A battery of interested parties immediately sent in proposals and each of these pressed for theirs to be considered. What is significant is that Popham is not in the list of tendering parties. The names are Hall Plumer, successor to Paul Benfield as contractor, William Turing, Deputy Military Paymaster and Philip Stowey, architect. There was considerable squabbling among the bidders and eventually it was Hall Plumer’s offer that was accepted. The residents of the area opposed their eviction but as is usual in such instances, they stood no chance. Rumours were now rife about the arrival of a French fleet from Pondicherry in support of Hyder Ali and Sir Eyre Coote was pressing hard for the demolition. Legal opinion was sought from Benjamin Sullivan, Attorney General, and he was clear – given the circumstances, the President had the powers to evict the occupants. This was done, and by January 1781, the Council was informing the Company in England that work was underway to flatten the high ground. In May, 4,000 coolies were still at work and by October 1781, Plumer was reporting that the work was done. A small portion was left from where soil was to be transported to Mr Popham’s ground, the rest being filled in at Mannady Street (we got one fact right from all of this) and the remaining on land that the Company acquired from Mrs Casamaijor for this purpose. It is clear that the soil from Hog Hill did not all make its way to Popham’s land and that the Government was an active party in identifying sites for the disposal of the soil. From the fact that Popham’s portion is referred to as ‘small’ it is clear he was at best a peripheral player to the story. How he emerged as the hero in later years is something of a mystery. But that it was his land that became Broadway which acquired the highest profile among the areas benefiting from the Hog Hill soil is also indisputable.
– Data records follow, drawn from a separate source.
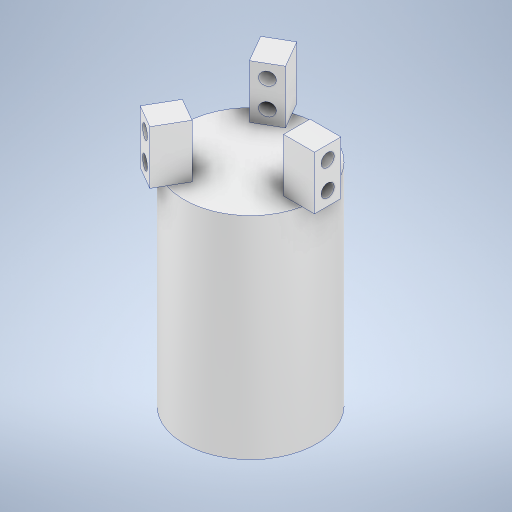
# Autodesk Inventor part: Cilindro
Saved by Autodesk Inventor 2024 (Build 280153000, 153)
## iProperties
Created: 2023-12-04
Part Number: Cilindro
Material: Aluminum 6061
Document SubType Name: Modeling
Designer: Juan_Daleman
Density: 2.7 g/cm^3
Appearance: Aluminum - Flat
Author: Juan_Daleman
Autodesk Inventor part; units mm, degrees
ref_plane "YZ Plane" through (0, 0, 0) normal (1, 0, 0) x (0, 1, 0)
ref_plane "XZ Plane" through (0, 0, 0) normal (0, 1, 0) x (-1, 0, 0)
ref_plane "XY Plane" through (0, 0, 0) normal (0, 0, 1) x (1, 0, 0)
sketch "Sketch1" plane through (0, 0, 0) normal (0, 1, 0) x (-1, 0, 0)
  circle A0 centre (0, 0) radius 15
  dimension "d0" = 30
  constraints: 1 centre point, 1 coincident
  measures "d0" diameter of A0
extrude "Extrusion1" add sketch "Sketch1" along normal blind 47.9
sketch "Sketch2" plane through (0, 47.9, 0) normal (0, 1, 0) x (1, 0, 0)
  circle A0 centre (0, 0) radius 10.5
  line L0 (10.5, 0) -> (10.5, 3)
  line L1 (10.5, 3) -> (17.5, 3)
  line L2 (17.5, 3) -> (17.5, -3)
  line L3 (17.5, -3) -> (10.5, -3)
  line L4 (10.5, -3) -> (10.5, 0)
  line L5 (-5.25, 9.0933) -> (-7.8481, 7.5933)
  line L6 (-7.8481, 7.5933) -> (-11.3481, 13.6554)
  line L7 (-11.3481, 13.6554) -> (-6.1519, 16.6554)
  line L8 (-6.1519, 16.6554) -> (-2.6519, 10.5933)
  line L9 (-2.6519, 10.5933) -> (-5.25, 9.0933)
  line L10 (-5.25, -9.0933) -> (-2.6519, -10.5933)
  line L11 (-2.6519, -10.5933) -> (-6.1519, -16.6554)
  line L12 (-6.1519, -16.6554) -> (-11.3481, -13.6554)
  line L13 (-11.3481, -13.6554) -> (-7.8481, -7.5933)
  line L14 (-7.8481, -7.5933) -> (-5.25, -9.0933)
  line L15 (0, 0) -> (-5.25, 9.0933)
  line L16 (0, 0) -> (10.5, 0)
  dimension "d4" = 21
  dimension "d5" = 3
  dimension "d6" = 7
  dimension "d7" = 6
  dimension "d10" = 360
  dimension "d12" = 120
  constraints: 34 end point, 4 perpendicular, 4 point on line, 2 point on circle, 1 centre point, 1 tangent, 1 vertical, 31 other
  measures "d4" diameter of A0
  measures "d5" distance of L0.start L0.end
  measures "d6" distance of L0.end L1.end
  measures "d7" distance of L1.end L2.end
  measures "d12" angle of L16 L15
extrude "Extrusion2" add sketch "Sketch2" along normal blind 12.1 contours L10 L11 L12 L13 L14 | L5 L6 L7 L8 L9 | L0 L1 L2 L3 L4
sketch "Sketch4" plane through (17.5, 47.9, 3) normal (1, 0, 0) x (0, 0, -1)
  line L0 (6, 12.1) -> (0, 12.1) projected
  line L1 (3, 12.1) -> (3, 9.1)
  line L2 (3, 9.1) -> (3, 3.1)
  circle A0 centre (3, 9.1) radius 1.5
  circle A1 centre (3, 3.1) radius 1.5
  point P0 (3, -47.9)
  dimension "d15" = 3
  dimension "d16" = 6
  dimension "d17" = 3
  dimension "d18" = 3
  constraints: 4 end point, 2 centre point, 2 coincident, 1 midpoint, 1 point on line, 1 vertical
  measures "d15" distance of L1.start L1.end
  measures "d16" distance of L1.end L2.end
  measures "d17" diameter of A0
  measures "d18" diameter of A1
extrude "Extrusion3" cut sketch "Sketch4" against normal through all
sketch "Sketch5" plane through (-6.1519, 47.9, 16.6554) normal (-0.5, 0, 0.866) x (0.866, 0, 0.5)
  line L0 (-6, 12.1) -> (0, 12.1) projected
  line L1 (-3, 12.1) -> (-3, 9.1)
  line L2 (-3, 9.1) -> (-3, 3.1)
  circle A0 centre (-3, 9.1) radius 1.5
  circle A1 centre (-3, 3.1) radius 1.5
  point P0 (-3, -47.9)
  dimension "d21" = 3
  dimension "d22" = 6
  dimension "d23" = 3
  dimension "d24" = 3
  constraints: 4 end point, 2 centre point, 2 coincident, 1 midpoint, 1 point on line, 1 vertical
  measures "d21" distance of L1.start L1.end
  measures "d22" distance of L1.end L2.end
  measures "d23" diameter of A0
  measures "d24" diameter of A1
extrude "Extrusion4" cut sketch "Sketch5" against normal through all
sketch "Sketch6" plane through (-11.3481, 47.9, -13.6554) normal (-0.5, 0, -0.866) x (-0.866, 0, 0.5)
  line L0 (8.2279, 0) -> (-14.2279, 0) projected
  line L1 (0, 12.1) -> (-6, 12.1) projected
  line L2 (-3, 12.1) -> (-3, 9.1)
  line L3 (-3, 9.1) -> (-3, 3.1)
  circle A0 centre (-3, 9.1) radius 1.5
  circle A1 centre (-3, 3.1) radius 1.5
  point P0 (-3, -47.9)
  dimension "d27" = 3
  dimension "d28" = 6
  dimension "d29" = 3
  dimension "d30" = 3
  constraints: 4 end point, 2 centre point, 2 coincident, 1 midpoint, 1 point on line, 1 vertical
  measures "d27" distance of L2.start L2.end
  measures "d28" distance of L2.end L3.end
  measures "d29" diameter of A0
  measures "d30" diameter of A1
extrude "Extrusion5" cut sketch "Sketch6" against normal through all
body "Solid1"
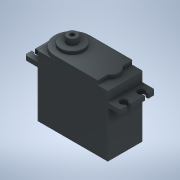
# Autodesk Inventor part: MG996R
Saved by Autodesk Inventor 2020.1 (Build 241239000, 239)
## iProperties
Created: 2021-08-12
Part Number: MG996R
Material: Чугун, литейный
Document SubType Name: Modeling
Designer: User
Density: 7.15 g/cm^3
Appearance: Чугун серый
Author: User
Autodesk Inventor part; units mm, degrees
ref_plane "YZ Plane" through (0, 0, 0) normal (1, 0, 0) x (0, 1, 0)
ref_plane "XZ Plane" through (0, 0, 0) normal (0, 1, 0) x (-1, 0, 0)
ref_plane "XY Plane" through (0, 0, 0) normal (0, 0, 1) x (1, 0, 0)
sketch "Эскиз1" plane through (0, 0, 0) normal (0, 0, 1) x (1, 0, 0)
  line L0 (0, 0) -> (40, 0)
  line L1 (40, 0) -> (40, -36.5)
  line L2 (40, -36.5) -> (0, -36.5)
  line L3 (0, -36.5) -> (0, 0)
  dimension "d0" = 36.5
  dimension "d1" = 40
  constraints: 8 end point, 2 parallel, 1 horizontal, 1 perpendicular
  measures "d0" distance of L2.end L0.start
  measures "d1" distance of L0.start L0.end
extrude "Выдавливание1" add sketch "Эскиз1" along normal blind 19.8
sketch "Эскиз2" plane through (0, 0, 0) normal (0, 1, 0) x (1, 0, 0)
  line L0 (0, 0) -> (0, -19.8) projected
  line L1 (40, 0) -> (0, 0) projected
  circle A0 centre (9.9, -9.9) radius 9.9
  line L2 (9.9, 0) -> (34.3, 0)
  line L3 (34.3, 0) -> (34.3, -19.8)
  line L4 (34.3, -19.8) -> (9.9, -19.8)
  line L5 (9.9, -19.8) -> (9.9, 0)
  line L6 (40, 0) -> (40, -19.8) projected
  circle A1 centre (31.4618, -9.9) radius 5.0382
  point P0 (0, -9.9)
  point P1 (36.5, -9.9)
  point P2 (9.9, 0)
  point P3 (9.9, -19.8)
  point P4 (34.3, -14.0627)
  point P5 (34.3, -5.7373)
  dimension "d4" = 9.9
  dimension "d5" = 9.9
  dimension "d6" = 5.7
  dimension "d7" = 3.5
  constraints: 8 end point, 2 parallel, 1 horizontal, 1 midpoint, 1 perpendicular, 1 point on line, 6 other
  measures "d4" distance of L0.start point (0, -9.9)
  measures "d5" distance of L0.start L2.start
  measures "d6" distance from line of L3 L1.start
  measures "d7" distance from line of L6 point (36.5, -9.9)
extrude "Выдавливание2" add sketch "Эскиз2" along normal blind 2.4 contours A0 L5 | L1 L3 A1 L4 A0 | A0 L5 | A1 L3 | L3 A1
sketch "Эскиз3" plane through (0, 2.4, 0) normal (0, 1, 0) x (1, 0, 0)
  line L0 (0, -9.9) -> (0, -19.8) projected
  circle A0 centre (9.9, -9.9) radius 6.6
  point P0 (0, 0)
  point P1 (9.9, 0)
  dimension "d10" = 13.2
  constraints: 1 centre point
  measures "d10" diameter of A0
extrude "Выдавливание3" add sketch "Эскиз3" along normal blind 1.8
sketch "Эскиз4" plane through (9.9, 4.2, 9.9) normal (0, 1, 0) x (1, 0, 0)
  circle A0 centre (0, 0) radius 2.95
  circle A1 centre (0, 0) radius 1.25
  point P0 (-9.9, 9.9)
  dimension "d13" = 5.9
  dimension "d16" = 2.5
  constraints: 2 centre point, 1 coincident
  measures "d13" diameter of A0
  measures "d16" diameter of A1
extrude "Выдавливание4" add sketch "Эскиз4" along normal blind 3.5
sketch "Эскиз5" plane through (40, -36.5, 0) normal (1, 0, 0) x (0, 0, -1)
  line L0 (-19.8, 0) -> (-19.8, 36.5) projected
  line L1 (0, 0) -> (0, 36.5) projected
  line L2 (-19.8, 28.4) -> (0, 28.4)
  line L3 (0, 28.4) -> (0, 30.8)
  line L4 (0, 30.8) -> (-19.8, 30.8)
  line L5 (-19.8, 30.8) -> (-19.8, 28.4)
  line L6 (0, 0) -> (-19.8, 0) projected
  point P0 (0, 28.4)
  dimension "d17" = 28.4
  dimension "d18" = 2.4
  constraints: 8 end point, 2 parallel, 2 point on line, 1 horizontal, 1 perpendicular
  measures "d17" distance from line of L6 L2.end
  measures "d18" distance from line of L2 L3.end
extrude "Выдавливание5" add sketch "Эскиз5" along normal blind 7 contours L0 L4 L1 L2
sketch "Эскиз6" plane through (0, -36.5, 0) normal (-1, 0, 0) x (0, 0, 1)
  line L0 (19.8, 30.8) -> (0, 30.8) projected
  line L1 (0, 28.4) -> (19.8, 28.4) projected
  line L2 (0, 30.8) -> (19.8, 30.8)
  line L3 (19.8, 30.8) -> (19.8, 28.4)
  line L4 (19.8, 28.4) -> (0, 28.4)
  line L5 (0, 28.4) -> (0, 30.8)
  point P0 (0, 36.5)
  constraints: 8 end point, 2 parallel, 1 horizontal, 1 perpendicular
extrude "Выдавливание6" add sketch "Эскиз6" along normal blind 7
sketch "Эскиз7" plane through (0, -5.7, 19.8) normal (0, 1, 0) x (1, 0, 0)
  line L0 (-7, 0) -> (-7, 19.8) projected
  circle A0 centre (-4, 14.9) radius 2
  circle A1 centre (44, 14.9) radius 2
  line L1 (47, 19.8) -> (47, 0) projected
  circle A2 centre (-4, 4.9) radius 2
  circle A3 centre (44, 4.9) radius 2
  point P0 (0, 19.8)
  point P1 (-7, 9.9)
  dimension "d23" = 4
  dimension "d24" = 5
  dimension "d25" = 3
  dimension "d26" = 4
  dimension "d27" = 48
  dimension "d28" = 3
  dimension "d29" = 4
  dimension "d30" = 5
  constraints: 4 centre point, 1 midpoint
  measures "d23" diameter of A0
  measures "d24" vertical distance of A0.centre point (-7, 9.9)
  measures "d25" distance from line of L0 A0.centre
  measures "d26" diameter of A1
  measures "d27" distance of A1.centre A0.centre
  measures "d28" distance from line of L1 A1.centre
  measures "d29" diameter of A2
  measures "d30" vertical distance of point (-7, 9.9) A2.centre
extrude "Выдавливание7" cut sketch "Эскиз7" against normal blind 10
fillet "Сопряжение1" radius 1 4 edges at (-7, -6.9, 19.8) (-7, -6.9, 0) (47, -6.9, 19.8) (47, -6.9, 0)
chamfer "Фаска1" distance 2 angle 45 4 edges at (20, -36.5, 0) (0, -36.5, 9.9) (20, -36.5, 19.8) (40, -36.5, 9.9)
fillet "Сопряжение3" radius 0.5 10 edges at (0, -21.3, 0) (0, -21.3, 19.8) (0, -2.85, 0) (0, -2.85, 19.8) (40, -21.3, 0) (40, -2.85, 0) (34.3, 1.2, 0) (34.3, 1.2, 19.8) (40, -2.85, 19.8) (40, -21.3, 19.8)
sketch "Эскиз8" plane through (47, -36.5, 0) normal (1, 0, 0) x (0, 0, -1)
  line L0 (-0.5, 30.8) -> (-19.3, 30.8) projected
  line L1 (-19.3, 28.4) -> (-0.5, 28.4) projected
  line L2 (-13.9, 30.8) -> (-15.9, 30.8)
  line L3 (-15.9, 30.8) -> (-15.9, 28.4)
  line L4 (-15.9, 28.4) -> (-13.9, 28.4)
  line L5 (-13.9, 28.4) -> (-13.9, 30.8)
  line L6 (-1, 30.8) -> (-18.8, 30.8) projected
  line L7 (-18.8, 28.4) -> (-1, 28.4) projected
  line L8 (-5.9, 30.8) -> (-3.9, 30.8)
  line L9 (-3.9, 30.8) -> (-3.9, 28.4)
  line L10 (-3.9, 28.4) -> (-5.9, 28.4)
  line L11 (-5.9, 28.4) -> (-5.9, 30.8)
  point P0 (0, 36.5)
  point P1 (-9.9, 30.8)
  point P2 (-14.9, 31.074)
  point P3 (-4.9, 31.074)
  point P4 (-14.9, 30.8)
  dimension "d39" = 5
  dimension "d40" = 1
  dimension "d41" = 4
  dimension "d42" = 4
  dimension "d43" = 6
  constraints: 16 end point, 5 point on line, 4 parallel, 2 horizontal, 2 perpendicular, 1 midpoint
  measures "d39" distance of point (-9.9, 30.8) point (-14.9, 30.8)
  measures "d40" distance of point (-14.9, 30.8) L2.end
  measures "d41" distance of L2.start point (-9.9, 30.8)
  measures "d42" distance of L8.start point (-9.9, 30.8)
  measures "d43" distance of L8.end point (-9.9, 30.8)
extrude "Выдавливание8" cut sketch "Эскиз8" against normal blind 2 contours L9 L1 L11 L0 | L5 L1 L3 L0
sketch "Эскиз9" plane through (-7, -36.5, 0) normal (-1, 0, 0) x (0, 0, 1)
  line L0 (18.8, 30.8) -> (1, 30.8) projected
  line L1 (1, 28.4) -> (18.8, 28.4) projected
  line L2 (5.9, 30.8) -> (3.9, 30.8)
  line L3 (3.9, 30.8) -> (3.9, 28.4)
  line L4 (3.9, 28.4) -> (5.9, 28.4)
  line L5 (5.9, 28.4) -> (5.9, 30.8)
  line L6 (13.9, 30.8) -> (15.9, 30.8)
  line L7 (15.9, 30.8) -> (15.9, 28.4)
  line L8 (15.9, 28.4) -> (13.9, 28.4)
  line L9 (13.9, 28.4) -> (13.9, 30.8)
  point P0 (0, 36.5)
  point P1 (9.9, 30.8)
  dimension "d46" = 4
  dimension "d47" = 6
  dimension "d48" = 4
  dimension "d49" = 6
  constraints: 16 end point, 4 parallel, 4 point on line, 2 horizontal, 2 perpendicular, 1 midpoint
  measures "d46" distance from line of L9 point (9.9, 30.8)
  measures "d47" distance from line of L7 point (9.9, 30.8)
  measures "d48" distance from line of L5 point (9.9, 30.8)
  measures "d49" distance from line of L3 point (9.9, 30.8)
extrude "Выдавливание9" cut sketch "Эскиз9" against normal blind 2 contours L7 L1 L9 L0 | L5 L1 L3 L0
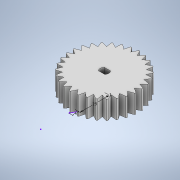
# Autodesk Inventor part: motor driven gear straight teeth
Saved by Autodesk Inventor 2022 (Build 260153000, 153)
## iProperties
Created: 2021-11-09
Part Number: motor driven gear straight teeth
Material: Generic
Document SubType Name: Modeling
Designer: a-dubs
Density: 1 g/cm^3
Appearance: Default
Author: a-dubs
Autodesk Inventor part; units mm, degrees
ref_plane "YZ Plane" through (0, 0, 0) normal (1, 0, 0) x (0, 1, 0)
ref_plane "XZ Plane" through (0, 0, 0) normal (0, 1, 0) x (-1, 0, 0)
ref_plane "XY Plane" through (0, 0, 0) normal (0, 0, 1) x (1, 0, 0)
sketch "Sketch1" plane through (0, 0, 0) normal (0, 1, 0) x (-1, 0, 0)
  line L0 (-2, 0) -> (2, 0)
  line L1 (-2, 0) -> (-2, 1)
  line L2 (-2, 1) -> (0, 0)
  line L3 (0, 0) -> (2, 1)
  line L4 (0, 0) -> (0, 19)
  line L5 (0, 19) -> (2, 19)
  line L6 (-2, 19) -> (0, 19)
  line L7 (0, 19) -> (0, 23)
  line L8 (0, 23) -> (-2, 19)
  line L9 (2, 19) -> (0, 23)
  line L10 (2, 0) -> (2, 19)
  line L11 (-2, 19) -> (-2, 0)
  point P0 (0, 41)
  dimension "d6" = 1
  dimension "d10" = 19
  dimension "d11" = 4
  constraints: 24 end point, 2 equal length, 1 vertical
  measures "d6" distance of L0.start L1.end
  measures "d10" distance of L2.end L4.end
  measures "d11" distance of L4.end L7.end
extrude "Extrusion1" add sketch "Sketch1" along normal blind 12 contours L3 L10 L0 | L4 L5 L10 L3 | L2 L11 L6 L4 | L7 L9 L5 | L6 L8 L7
pattern_circular "Circular Pattern1" count 30 over 360 about axis through (0, 0, 0) along (0, 1, 0) of "Extrusion1"
fillet "Fillet1" radius 0.5 1 edges at (0, 6, 23)
sketch "Sketch2" plane through (0, 12, 0) normal (0, 1, 0) x (1, 0, 0)
  circle A0 centre (0, 0) radius 1.5
  circle A1 centre (0, 0) radius 2.8
  line L0 (0, 0) -> (0, 1.9)
  line L1 (0, 1.9) -> (0, -1.9)
  line L2 (0, -1.9) -> (-2.0567, -1.9)
  line L3 (0, -1.9) -> (2.0567, -1.9)
  line L4 (0, 1.9) -> (2.0567, 1.9)
  line L5 (0, 1.9) -> (-2.0567, 1.9)
  dimension "d13" = 3
  dimension "d19" = 5.6
  dimension "d20" = 1.9
  dimension "d21" = 3.8
  constraints: 12 end point, 4 point on circle, 2 centre point, 2 coincident, 2 point on line, 1 parallel, 1 perpendicular, 1 vertical
  measures "d13" diameter of A0
  measures "d19" diameter of A1
  measures "d20" distance of L0.start L0.end
  measures "d21" distance of L0.end L1.end
extrude "Extrusion2" cut sketch "Sketch2" against normal blind 10 contours A0 L1 L0 | A0 L0 L4 A1 L3 L1 | L0 L1 A0 | A0 L1 L2 A1 L5 L0
pattern_circular "Circular Pattern2" count 30 over 360 about axis through (0, 12, 0) along (0, -1, 0) of "Fillet1"
extrude "Extrusion3" cut sketch "Sketch2" against normal blind 8 from surface at -10
chamfer "Chamfer1" distance 0.85 angle 45 2 edges at (0, 2, 1.9) (0, 2, -1.9)
body "Solid1"
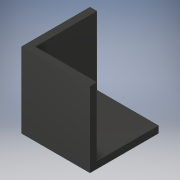
# Autodesk Inventor part: batteryCornerMount
Saved by Autodesk Inventor 2017 (Build 210142000, 142)
## iProperties
Created: 2020-02-01
Part Number: batteryCornerMount
Material: UHMW, Black
Document SubType Name: Modeling
Designer: S338674153
Density: 0.94 g/cm^3
Appearance: Smooth - Black
Author: S338674153
Autodesk Inventor part; units mm, degrees
ref_plane "YZ Plane" through (0, 0, 0) normal (1, 0, 0) x (0, 1, 0)
ref_plane "XZ Plane" through (0, 0, 0) normal (0, 1, 0) x (-1, 0, 0)
ref_plane "XY Plane" through (0, 0, 0) normal (0, 0, 1) x (1, 0, 0)
sketch "Sketch1" plane through (0, 0, 0) normal (0, 1, 0) x (-1, 0, 0)
  line L0 (0, 0) -> (25.4, 0)
  line L1 (25.4, 0) -> (25.4, -25.4)
  line L2 (25.4, -25.4) -> (0, -25.4)
  line L3 (0, -25.4) -> (0, 0)
  dimension "d0" = 25.4
  dimension "d1" = 25.4
  constraints: 8 end point, 2 parallel, 1 horizontal, 1 perpendicular
  measures "d0" distance of L1.end L2.end
  measures "d1" distance of L0.end L1.end
extrude "Extrusion1" add sketch "Sketch1" along normal blind 2.54
sketch "Sketch2" plane through (0, 2.54, 0) normal (0, 1, 0) x (1, 0, 0)
  line L0 (-25.4, 0) -> (0, 0) projected
  line L1 (-25.4, 25.4) -> (-25.4, 0) projected
  line L2 (0, 0) -> (-25.4, 0)
  line L3 (-25.4, 0) -> (-25.4, 2.5321)
  line L4 (-22.86, 2.5321) -> (0, 2.5321)
  line L5 (0, 2.5321) -> (0, 0)
  line L6 (0, 25.4) -> (-25.4, 25.4) projected
  line L7 (-25.4, 0) -> (-22.86, 0)
  line L8 (-22.86, 2.5321) -> (-22.86, 25.4)
  line L9 (-22.86, 25.4) -> (-25.4, 25.4)
  line L10 (-25.4, 25.4) -> (-25.4, 0)
  dimension "d4" = 2.54
  constraints: 16 end point, 4 parallel, 2 horizontal, 2 perpendicular, 2 point on line
  measures "d4" distance of L9.end L8.end
extrude "Extrusion2" add sketch "Sketch2" along normal blind 25.4
body "Solid1"
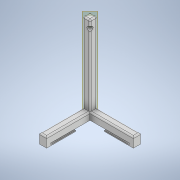
# Autodesk Inventor part: trepied
Saved by Autodesk Inventor 2022 (Build 260153000, 153)
## iProperties
Created: 2022-11-08
Part Number: trepied
Material: Generic
Document SubType Name: Modeling
Designer: 3.6b
Density: 1 g/cm^3
Appearance: Default
Author: 3.6b
Autodesk Inventor part; units mm, degrees
ref_plane "YZ Plane" through (0, 0, 0) normal (1, 0, 0) x (0, 1, 0)
ref_plane "XZ Plane" through (0, 0, 0) normal (0, 1, 0) x (-1, 0, 0)
ref_plane "XY Plane" through (0, 0, 0) normal (0, 0, 1) x (1, 0, 0)
sketch "Sketch4" plane through (0, 0, 0) normal (0, 0, 1) x (1, 0, 0)
  line L0 (0, 0) -> (25, 0)
  line L1 (25, 0) -> (25, 300)
  line L2 (25, 300) -> (0, 300)
  line L3 (0, 300) -> (0, 0)
  dimension "d16" = 25
  dimension "d17" = 300
  constraints: 8 end point, 2 parallel, 1 horizontal, 1 perpendicular
  measures "d16" distance of L2.end L1.end
  measures "d17" distance of L1.end L0.end
extrude "Extrusion4" add sketch "Sketch4" along normal blind 25
sketch "Sketch5" plane through (0, 0, 25) normal (0, 0, 1) x (1, 0, 0)
  line L0 (0, 300) -> (0, 0) projected
  line L1 (0, 0) -> (25, 0)
  line L2 (25, 0) -> (25, 25)
  line L3 (25, 25) -> (0, 25)
  line L4 (0, 25) -> (0, 0)
  dimension "d20" = 25
  dimension "d21" = 25
  constraints: 8 end point, 2 parallel, 1 horizontal, 1 perpendicular
  measures "d20" distance of L3.end L2.end
  measures "d21" distance of L2.end L1.end
extrude "Extrusion5" add sketch "Sketch5" along normal blind 150
sketch "Sketch6" plane through (25, 0, 0) normal (1, 0, 0) x (0, 0, -1)
  line L0 (0, 0) -> (0, 300) projected
  line L1 (-25, 300) -> (-25, 25) projected
  line L2 (0, 0) -> (-25, 0)
  line L3 (-25, 0) -> (-25, 25)
  line L4 (-25, 25) -> (0, 25)
  line L5 (0, 25) -> (0, 0)
  constraints: 8 end point, 2 parallel, 1 horizontal, 1 perpendicular
extrude "Extrusion6" add sketch "Sketch6" along normal blind 150
sketch "Sketch7" plane through (0, 0, 0) normal (-1, 0, 0) x (0, 0, 1)
  line L0 (0, 0) -> (175, 0) projected
  line L1 (175, 0) -> (160, 0)
  line L2 (160, 0) -> (160, -5)
  line L3 (175, -5) -> (175, 0)
  line L4 (160, -5) -> (75, -5)
  line L5 (75, -5) -> (75, -8.5)
  line L6 (75, -8.5) -> (175, -8.5)
  line L7 (175, -8.5) -> (175, -5)
  dimension "d32" = 8.5
  dimension "d33" = 85
  dimension "d34" = 100
  dimension "d37" = 3.5
  constraints: 14 end point, 3 parallel, 2 horizontal, 2 perpendicular
  measures "d32" distance of L0.end L6.end
  measures "d33" distance of L2.end L4.end
  measures "d34" distance of L5.end L6.end
  measures "d37" distance of L4.end L5.end
extrude "Extrusion7" add sketch "Sketch7" against normal blind 25
sketch "Sketch9" plane through (25, 0, 25) normal (0, 0, 1) x (1, 0, 0)
  line L0 (-25, 0) -> (150, 0) projected
  line L1 (150, 0) -> (135, 0)
  line L2 (135, 0) -> (135, -5)
  line L3 (135, -8.5) -> (150, -8.5)
  line L4 (150, -8.5) -> (150, 0)
  line L5 (135, -8.5) -> (50, -8.5)
  line L6 (50, -8.5) -> (50, -5)
  line L7 (50, -5) -> (135, -5)
  dimension "d40" = 85
  dimension "d41" = 15
  dimension "d42" = 8.5
  dimension "d43" = 3.5
  constraints: 14 end point, 3 parallel, 2 horizontal, 2 perpendicular
  measures "d40" distance of L3.start L5.end
  measures "d41" distance of L3.start L3.end
  measures "d42" distance of L3.end L0.end
  measures "d43" distance of L5.end L6.end
extrude "Extrusion8" add sketch "Sketch9" against normal blind 25
ref_plane "Work Plane2" through (0, 300, 25) normal (-0.7071068, 0, -0.7071068) x (0.7071068, 0, -0.7071068)
sketch "Sketch11" plane through (0, 300, 25) normal (-0.7071068, 0, -0.7071068) x (0.7071068, 0, -0.7071068)
  line L0 (17.6777, 275) -> (17.6777, 0) projected
  point P0 (17.6777, 300)
  point P1 (17.6777, 27.3938)
  constraints: 1 point on line
hole "Hole1" at (12.5, 272.6062, 12.5) direction (0.7071068, 0, 0.7071068) diameter 15 end through all both
fillet "Fillet6" radius 5 10 edges at (0, 132.5531, 0) (25, 162.5, 0) (0, 162.5, 25) (0, 290.0531, 0) (25, 145.0531, 25) (25, 290.0531, 25) (0, 300, 12.5) (12.5, 300, 0) (25, 300, 12.5) (12.5, 300, 25)
fillet "Fillet7" radius 5 6 edges at (0, 25, 97.5) (25, 25, 100) (12.5, 25, 175) (100, 25, 25) (97.5, 25, 0) (175, 25, 12.5)
body "Solid2"

The threatened invasion of Hyder Ali did not have its feared consequences and he himself died soon thereafter. The histories of the third and fourth Anglo Mysore wars are well known. The French fleet never came. But Hog Hill was flattened. Popham made his money selling Broadway. Plumer made money on his contract. The erstwhile residents of Hog Hill got land elsewhere. The eventually affected parties had nothing to do with all this as we shall see.
For compensating those evicted from Hog Hill the Government began scouting for land. There were many offers from owners of real estate in Black Town. These were commercial in nature. The Government neatly sidestepped the issue by targeting those who were powerless and voiceless. Around four hundred lots of land in the Great Parcheri around the Portuguese Church were acquired and 600 lots in other parts of Black Town. These were spaces occupied by the so-called Outcastes. According to Love, the Chief Engineer considered that the Pariahs so affected may be “relegated to Kistnama’s Ground,” whose whereabouts we do not know. They were clearly dispossessed of what they had probably on grounds of no title. This speculation however is mine but if we read this in the context of what happens at present in the name of slum clearance we realise hardly anything changes when it comes to the marginalised.